Pertanyaan itu benar-benar membuatku tertantang. Ayah tidak berbuat sesuatu, akulah yang berbuat sesuatu. Sesuatu yang kuherankan saat itu, Apa hubungannya berdiri di tepi jalan dengan membuat pagar dan tembok rumah.
Aku benar-benar penasaran, aku pun mulai melangkah dengan gopoh-gopoh menuju jalan yang ditunjukkan ayah dan ibu. Rumah kami paling ujung dari bukit di kampung ini. Kalau aku harus sekolah, aku menumpang di mobil pick-up Mang Maman yang biasa membawa jagung-jagung hasil panen ayahku.

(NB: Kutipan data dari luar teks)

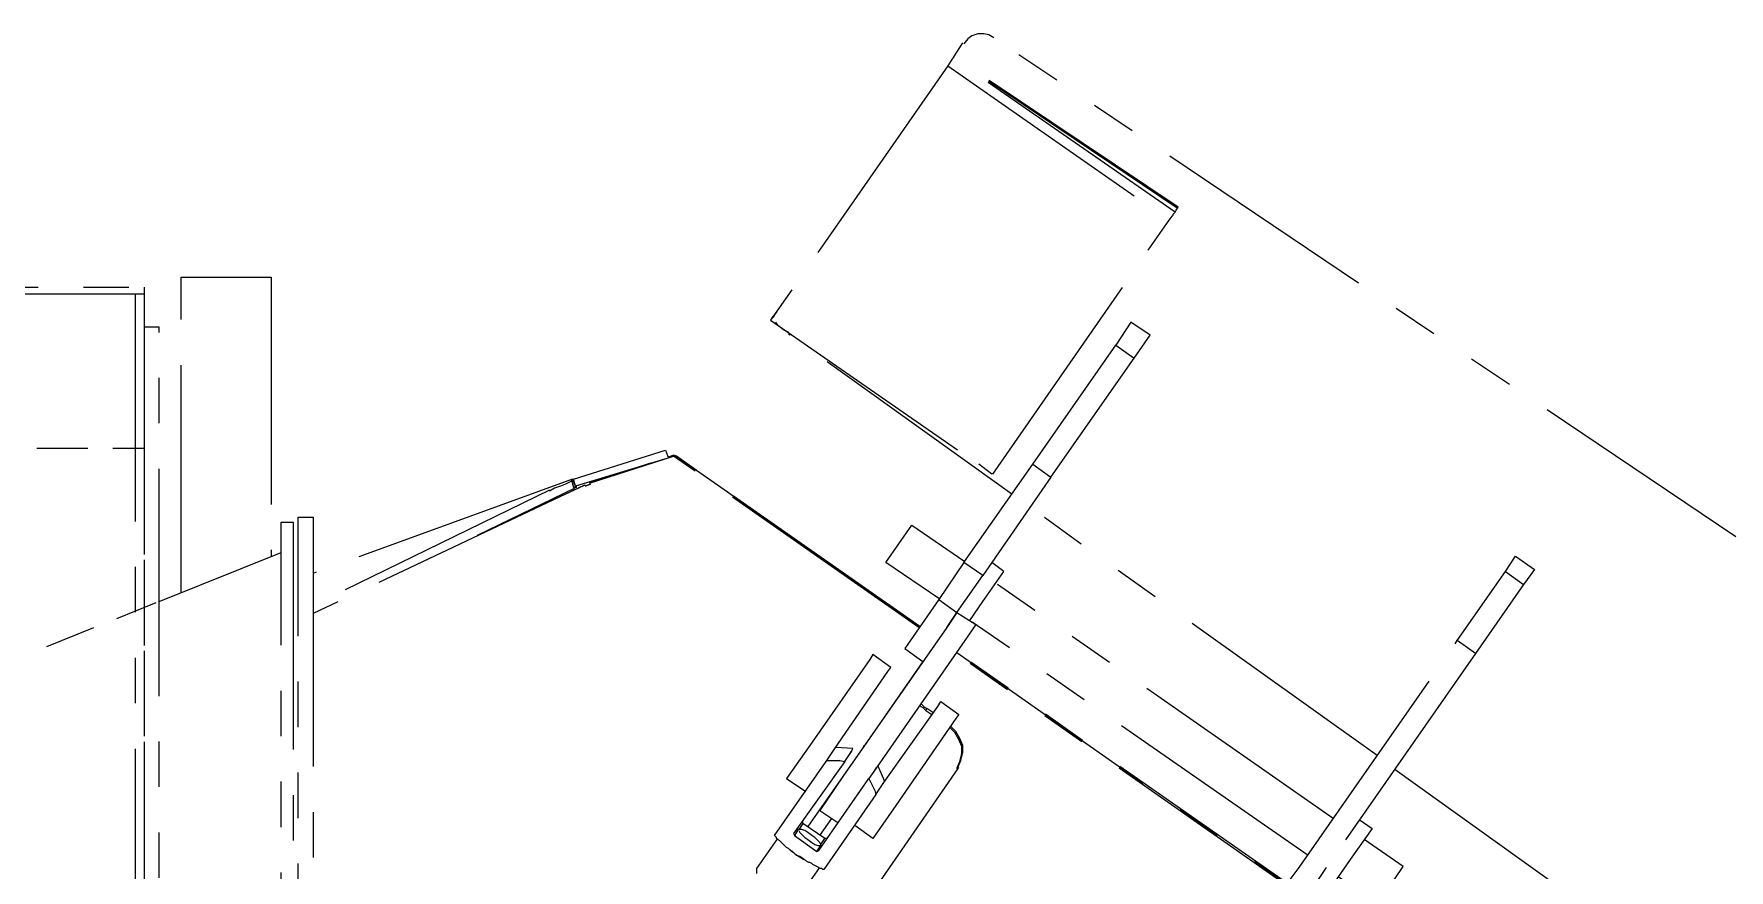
# Model space of a CAD drawing. Header units: inches. Extents: x 0 to 4731, y 0 to 1632.
# Drawn here: x 1480.7 to 1536.6, y 937.1 to 964.7 of the extents above; entities that cross this region are included whole.
import ezdxf

# ---------------------------------------------------------------- set-up
doc = ezdxf.new("R2010")
doc.units = ezdxf.units.IN
doc.header["$LTSCALE"] = 48
doc.header["$MEASUREMENT"] = 0
doc.linetypes.add('PHANTOM2', pattern=[1.25, 0.625, -0.125, 0.125, -0.125, 0.125, -0.125])
doc.layers.add('Layout-AM_11', color=92, linetype='PHANTOM2', lineweight=25)

msp = doc.modelspace()

# ---------------------------------------------------------------- linework, layer by layer
at = {"layer": 'Layout-AM_11', "ltscale": 0.25}
for points in [[(1518.374183, 958.991669), (1511.009744, 963.945711), (1511.009744, 963.978762), (1511.306844, 964.441211)], [(1549.35206, 937.723478), (1549.550459, 938.020602), (1550.144683, 938.912401), (1549.25286, 939.771149), (1512.330917, 964.60606), (1512.165592, 964.70526), (1512.000742, 964.738311), (1511.802343, 964.738311), (1511.603944, 964.672185), (1511.472169, 964.572986), (1511.339918, 964.408136)], [(1510.811345, 963.681187), (1504.965979, 955.29315), (1512.297842, 950.207308), (1518.110158, 958.595346)], [(1518.308557, 958.859894), (1510.976669, 963.945711), (1510.811345, 963.681187), (1518.110158, 958.595346), (1518.209357, 958.72762), (1518.242408, 958.760694), (1518.242408, 958.793745), (1518.275483, 958.826819), (1518.308557, 958.859894), (1518.341133, 958.926019), (1518.407258, 959.02472), (1511.009744, 963.978762)], [(1484.292011, 956.151874), (1473.294702, 956.151874), (1473.294702, 956.382849), (1484.292011, 956.382849), (1484.292011, 913.681189), (1473.294702, 913.681189)], [(1485.513985, 946.310413), (1485.513985, 956.713023), (1488.486529, 956.713023), (1488.486529, 947.499312)], [(1483.994911, 956.151874), (1483.994911, 913.912164)], [(1505.164378, 955.59025), (1505.164378, 955.557175), (1504.999053, 955.359275), (1505.065178, 955.392349), (1505.065178, 955.4254)], [(1504.999053, 955.359275), (1504.999053, 955.3262)], [(1505.098229, 955.458474), (1505.065178, 955.392349)], [(1505.164378, 955.557175), (1505.164378, 955.557175)], [(1484.78751, 912.888566), (1484.78751, 955.061676), (1484.292011, 955.061676), (1484.292011, 912.888566)], [(1505.131303, 955.227001), (1505.197428, 955.127825), (1505.296628, 955.061676), (1505.428403, 954.962975), (1505.560677, 954.89685)], [(1512.925141, 949.546484), (1505.560677, 954.830701)], [(1513.61854, 950.537483), (1516.359611, 954.467476), (1516.95431, 954.038102), (1517.482385, 954.79765), (1516.85511, 955.227001), (1516.359611, 954.467476)], [(1514.213239, 950.108109), (1516.95431, 954.038102)], [(1480.758342, 951.065581), (1482.442763, 951.065581)], [(1483.268437, 951.065581), (1484.292011, 951.065581)], [(1501.465359, 950.702332), (1498.525914, 949.810534), (1498.460263, 950.041983), (1501.498434, 950.999931), (1501.597633, 950.735407)], [(1501.002935, 950.570557), (1498.988338, 949.909733), (1501.762483, 950.801532), (1501.861683, 950.801532), (1509.886946, 945.187141), (1501.861683, 950.801532)], [(1501.828608, 950.801532), (1501.861683, 950.801532), (1501.762483, 950.834606), (1501.597633, 950.768458)], [(1509.853896, 945.154066), (1501.762483, 950.801532)], [(1511.339918, 947.300913), (1513.61854, 950.537483), (1514.213239, 950.108109), (1511.967668, 946.871563), (1511.339918, 947.300913), (1510.514245, 946.07894), (1509.391447, 944.460667), (1509.986146, 944.031293), (1508.037698, 941.224097), (1506.187952, 938.582226)], [(1512.264792, 950.207308), (1512.264792, 950.240383), (1512.264792, 950.207308), (1511.835418, 950.537483)], [(1498.493338, 949.777958), (1498.525914, 949.810534), (1498.427189, 950.041983), (1489.873352, 946.937688)], [(1498.823512, 949.843584), (1489.873352, 945.616515)], [(1497.667165, 949.678758), (1489.873352, 945.880541)], [(1495.289819, 948.192736), (1498.493338, 949.744883)], [(1495.917117, 948.489836), (1498.823512, 949.843584), (1498.856563, 949.843584)], [(1498.460263, 950.008933), (1498.427189, 950.008933), (1498.394138, 950.008933), (1498.394138, 949.975858), (1498.195739, 949.876659), (1498.030889, 949.810534), (1497.83249, 949.744883), (1497.667165, 949.645684)], [(1498.394138, 950.008933), (1498.460263, 949.777958), (1498.460263, 949.810534)], [(1498.525914, 949.777958), (1498.558964, 949.777958), (1498.558964, 949.810534)], [(1498.525914, 949.810534), (1498.525914, 949.810534)], [(1524.979597, 940.926997), (1513.519341, 949.11711)], [(1512.991266, 910.510745), (1514.01484, 911.930642), (1488.816703, 929.566415), (1488.816703, 948.62211), (1489.213003, 948.62211), (1489.213003, 929.76434), (1513.519341, 912.756316), (1511.934617, 910.510745)], [(1493.902521, 926.693095), (1489.378327, 929.863539), (1489.378327, 948.060462), (1489.378327, 948.786936), (1489.873352, 948.786936), (1489.873352, 948.060462), (1489.873352, 930.127565), (1489.378327, 930.127565)], [(1510.514245, 946.112014), (1508.764173, 947.300913), (1509.622422, 948.52291), (1511.372969, 947.333987)], [(1484.78751, 946.012815), (1488.816703, 947.631088)], [(1529.206666, 947.003813), (1529.536841, 947.499312), (1530.164614, 947.069463), (1529.801365, 946.574439)], [(1510.514245, 946.07894), (1511.108943, 945.649566), (1510.77827, 945.154066), (1511.108943, 945.649566), (1511.967668, 946.871563)], [(1522.700476, 937.624777), (1511.537819, 945.38554), (1511.967668, 946.012815), (1512.661091, 947.003813), (1512.264792, 947.300913)], [(1523.52615, 938.846275), (1512.396567, 946.607513)], [(1483.400687, 945.451665), (1484.688311, 945.97974)], [(1511.108943, 945.649566), (1511.736218, 945.253266), (1511.372969, 944.724692), (1508.367873, 940.398423), (1508.202548, 940.167448), (1508.268673, 940.035174), (1508.334799, 939.902924), (1508.400947, 939.771149), (1508.433523, 939.638875), (1508.698047, 940.035174), (1510.48117, 942.54527), (1510.58037, 942.710595), (1511.175069, 942.281221), (1511.075869, 942.14897), (1509.094347, 939.27565), (1508.334799, 938.185926), (1507.7401, 938.615301)], [(1481.088516, 944.526792), (1482.641162, 945.154066)], [(1510.77827, 945.154066), (1507.3438, 940.233573), (1506.584252, 939.1108), (1507.17895, 938.7145)], [(1522.733551, 936.402804), (1522.106252, 936.831679), (1522.403376, 937.227979), (1527.621468, 944.724692)], [(1508.433523, 939.638875), (1506.716526, 937.161854), (1506.683451, 937.161854), (1506.6504, 937.194928), (1506.584252, 937.194928), (1506.551201, 937.227979), (1506.485052, 937.261053), (1506.419425, 937.294128), (1506.353277, 937.327178), (1506.320226, 937.360253), (1506.254077, 937.393303), (1506.221026, 937.393303), (1506.154877, 937.426378), (1506.121827, 937.459452), (1506.056176, 937.492503), (1506.023102, 937.525577), (1505.923903, 937.591703), (1505.824727, 937.624777), (1505.758578, 937.690427), (1505.659378, 937.756552), (1505.626328, 937.789627), (1505.593253, 937.822677), (1505.560677, 937.855752), (1505.494552, 937.888826), (1505.461478, 937.921402), (1505.395353, 937.987527), (1505.362278, 938.020602), (1505.329204, 938.053652), (1505.263577, 938.119801), (1505.197428, 938.152852), (1505.164378, 938.185926), (1505.164378, 938.218977), (1505.131303, 938.252052), (1505.098229, 938.285126), (1506.815226, 940.761649), (1507.079751, 941.157972), (1508.829823, 943.701118), (1508.929022, 943.833392), (1508.334799, 944.262742), (1508.235599, 944.097418), (1506.254077, 941.257171), (1505.494552, 940.167448), (1506.121827, 939.738074)], [(1522.601775, 936.204405), (1511.075869, 944.295817)], [(1522.634826, 936.27053), (1511.108943, 944.328891), (1522.634826, 936.237455)], [(1528.216166, 944.295817), (1523.295175, 937.227979), (1522.403376, 935.907304)], [(1509.886946, 942.578344), (1509.920021, 942.54527), (1509.986146, 942.512195), (1510.01922, 942.479145), (1510.084871, 942.412996)], [(1509.920021, 942.644469), (1510.01922, 942.54527), (1510.117921, 942.479145)], [(1510.31632, 942.347369), (1510.117921, 942.479145), (1510.084871, 942.412996), (1510.28327, 942.281221)], [(1511.108943, 940.497623), (1511.208143, 940.729073), (1511.273769, 940.993122), (1511.273769, 941.224097), (1511.175069, 941.455547), (1511.042795, 941.686522), (1510.87747, 941.85187)], [(1511.141994, 940.530674), (1511.241194, 940.761649), (1511.306844, 941.026196), (1511.306844, 941.257171), (1511.208143, 941.488621), (1511.075869, 941.719596), (1510.910544, 941.884446)], [(1507.409925, 940.729073), (1505.725527, 938.351251), (1505.758578, 938.285126), (1506.485052, 937.756552), (1506.551201, 937.789627), (1508.202548, 940.167448)], [(1506.815226, 940.761649), (1507.245099, 940.761649), (1507.409925, 940.729073), (1507.607849, 941.026196), (1507.607849, 941.059247), (1507.6409, 941.059247), (1507.6409, 941.092322), (1507.673975, 941.157972), (1507.112825, 941.191023)], [(1507.6409, 941.092322), (1507.607849, 941.026196)], [(1508.037698, 941.224097), (1508.037698, 941.257171)], [(1511.175069, 940.530674), (1511.141994, 940.497623), (1508.037698, 936.006005)], [(1508.433523, 940.530674), (1508.433523, 940.497623), (1508.400947, 940.464548)], [(1508.731122, 940.068249), (1508.499648, 940.596822)], [(1525.573797, 940.464548), (1541.690497, 928.905591), (1542.714094, 928.212192), (1542.78022, 928.311368), (1542.879419, 928.443642)], [(1506.023102, 938.681426), (1505.890852, 938.483027), (1505.857777, 938.483027), (1505.857777, 938.449952), (1505.758578, 938.285126)], [(1505.890852, 938.449952), (1505.923903, 938.384326), (1505.990051, 938.318177), (1506.088752, 938.218977), (1506.187952, 938.152852), (1506.320226, 938.053652), (1506.419425, 937.987527), (1506.518126, 937.954453), (1506.584252, 937.954453), (1506.617326, 937.954453), (1506.617326, 937.987527), (1506.584252, 938.053652), (1506.518126, 938.119801), (1506.419425, 938.218977), (1506.320226, 938.285126), (1506.187952, 938.384326), (1506.088752, 938.449952), (1505.990051, 938.483027), (1505.923903, 938.483027)], [(1506.815226, 938.185926), (1506.7496, 938.185926), (1506.023102, 938.681426), (1506.023102, 938.747551)], [(1506.584252, 938.285126), (1506.980575, 938.846275)], [(1524.384898, 938.813201), (1524.814272, 938.516101), (1524.087774, 937.492503), (1522.799676, 935.643255), (1522.403376, 935.907304)], [(1505.197428, 938.185926), (1504.50353, 937.194928), (1504.50353, 937.030078)], [(1506.485052, 937.756552), (1506.617326, 937.954453)], [(1506.617326, 937.987527), (1506.7496, 938.185926)], [(1523.691475, 936.930879), (1525.012647, 936.03908), (1525.838321, 937.261053), (1524.550223, 938.152852)], [(1505.626328, 937.789627), (1505.626328, 937.822677)], [(1505.659378, 937.789627), (1505.758578, 937.690427), (1505.857777, 937.624777), (1505.956977, 937.558652), (1506.056176, 937.492503), (1506.056176, 937.525577)], [(1505.890852, 936.237455), (1506.584252, 937.227979)]]:
    msp.add_lwpolyline(points, dxfattribs=at)
for points in [[(1498.460263, 949.777958), (1498.558964, 949.777958), (1498.493338, 949.744883)], [(1498.856563, 949.810534), (1498.922213, 949.843584), (1499.021413, 949.876659), (1498.922213, 949.843584)], [(1529.801365, 946.574439), (1528.216166, 944.295817), (1527.621468, 944.724692), (1529.206666, 947.003813)]]:
    msp.add_lwpolyline(points, close=True, dxfattribs=at)

doc.saveas('drawing.dxf')

Tapi petang itu, semua kendaraan yang akan menjadi tumpanganku sudah tak menderu, hanya terdiam di depan pekarang rumah pemiliknya masing-masing. Aku memberanikan diri melangkah sendiri melewati sepinya kampung.
Sesampai di sana, aku masih keheranan, karena susana masih terlihat sepi, hanya beberapa kendaraan yang melalu Lalang. Barulah ketika beberapa orang wanita dengan bajunya yang ketat berdiri sambil menyetop kendaraan yang lewat. Rupanya wanita itu hanya menyetop kendaraan pribadi saja, ia begitu terusik dengan sebuah truk yang berhenti di depannya. Ia malah menggeserkan tubuhnya untuk menghindari truk itu. Lalu supir truk itu meludah ke arahnya. Beberapa wanita pun terlihat marah pada supir truk itu, bahkan salah satu dari mereka melemparkan highheel-nya ketika truk itu mulai pergi, tetapi dia buru-buru mengambil sepatu itu lagi.
“Gak suka supir truk, paling bayarannya pecahan cebanan, udah gitu mainnya kasar!"
“Maklum lah ya pake otot. Tapi segala sesuatu gak musti pake otot. Cinta itu butuh kelembutan!" Mereka tertegun, tiba-tiba salah saeorang diantaranya tertawa terbahak-bahak. Lalu semuanya pun mengikuti gelakannya.